*** Opening of Recorded data ***

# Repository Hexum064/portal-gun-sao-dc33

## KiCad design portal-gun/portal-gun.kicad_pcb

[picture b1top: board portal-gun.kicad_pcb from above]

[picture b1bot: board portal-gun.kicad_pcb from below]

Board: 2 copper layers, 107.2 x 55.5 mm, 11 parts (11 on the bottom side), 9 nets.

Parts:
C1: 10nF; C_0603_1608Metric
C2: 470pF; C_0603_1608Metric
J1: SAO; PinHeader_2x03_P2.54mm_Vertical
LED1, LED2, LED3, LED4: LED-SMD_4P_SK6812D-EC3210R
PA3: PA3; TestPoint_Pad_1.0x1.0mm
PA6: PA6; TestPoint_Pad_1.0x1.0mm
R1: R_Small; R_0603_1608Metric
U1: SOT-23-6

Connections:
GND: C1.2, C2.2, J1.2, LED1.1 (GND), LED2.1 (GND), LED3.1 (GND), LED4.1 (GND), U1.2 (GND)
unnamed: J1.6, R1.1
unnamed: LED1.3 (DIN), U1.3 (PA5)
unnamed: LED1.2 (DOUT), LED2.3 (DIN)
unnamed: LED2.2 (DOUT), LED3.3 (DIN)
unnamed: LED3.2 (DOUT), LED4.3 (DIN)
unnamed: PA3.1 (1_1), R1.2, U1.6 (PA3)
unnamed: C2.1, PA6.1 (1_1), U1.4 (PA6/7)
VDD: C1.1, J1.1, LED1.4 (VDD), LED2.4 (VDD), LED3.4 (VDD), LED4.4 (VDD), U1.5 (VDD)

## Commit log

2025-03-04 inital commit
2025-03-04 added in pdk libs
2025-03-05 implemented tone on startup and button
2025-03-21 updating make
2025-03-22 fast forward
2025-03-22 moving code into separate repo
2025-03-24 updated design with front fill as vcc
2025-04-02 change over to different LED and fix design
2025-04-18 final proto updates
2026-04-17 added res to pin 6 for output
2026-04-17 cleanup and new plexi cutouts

*** Close of Recorded data ***

Your goal: What is needed is a full, exact copy of the records.

Response below:
# Repository Hexum064/portal-gun-sao-dc33

## KiCad design portal-gun/portal-gun.kicad_pcb

[picture b1top: board portal-gun.kicad_pcb from above]

[picture b1bot: board portal-gun.kicad_pcb from below]

Board: 2 copper layers, 107.2 x 55.5 mm, 11 parts (11 on the bottom side), 9 nets.

Parts:
C1: 10nF; C_0603_1608Metric
C2: 470pF; C_0603_1608Metric
J1: SAO; PinHeader_2x03_P2.54mm_Vertical
LED1, LED2, LED3, LED4: LED-SMD_4P_SK6812D-EC3210R
PA3: PA3; TestPoint_Pad_1.0x1.0mm
PA6: PA6; TestPoint_Pad_1.0x1.0mm
R1: R_Small; R_0603_1608Metric
U1: SOT-23-6

Connections:
GND: C1.2, C2.2, J1.2, LED1.1 (GND), LED2.1 (GND), LED3.1 (GND), LED4.1 (GND), U1.2 (GND)
unnamed: J1.6, R1.1
unnamed: LED1.3 (DIN), U1.3 (PA5)
unnamed: LED1.2 (DOUT), LED2.3 (DIN)
unnamed: LED2.2 (DOUT), LED3.3 (DIN)
unnamed: LED3.2 (DOUT), LED4.3 (DIN)
unnamed: PA3.1 (1_1), R1.2, U1.6 (PA3)
unnamed: C2.1, PA6.1 (1_1), U1.4 (PA6/7)
VDD: C1.1, J1.1, LED1.4 (VDD), LED2.4 (VDD), LED3.4 (VDD), LED4.4 (VDD), U1.5 (VDD)

## Commit log

2025-03-04 inital commit
2025-03-04 added in pdk libs
2025-03-05 implemented tone on startup and button
2025-03-21 updating make
2025-03-22 fast forward
2025-03-22 moving code into separate repo
2025-03-24 updated design with front fill as vcc
2025-04-02 change over to different LED and fix design
2025-04-18 final proto updates
2026-04-17 added res to pin 6 for output
2026-04-17 cleanup and new plexi cutouts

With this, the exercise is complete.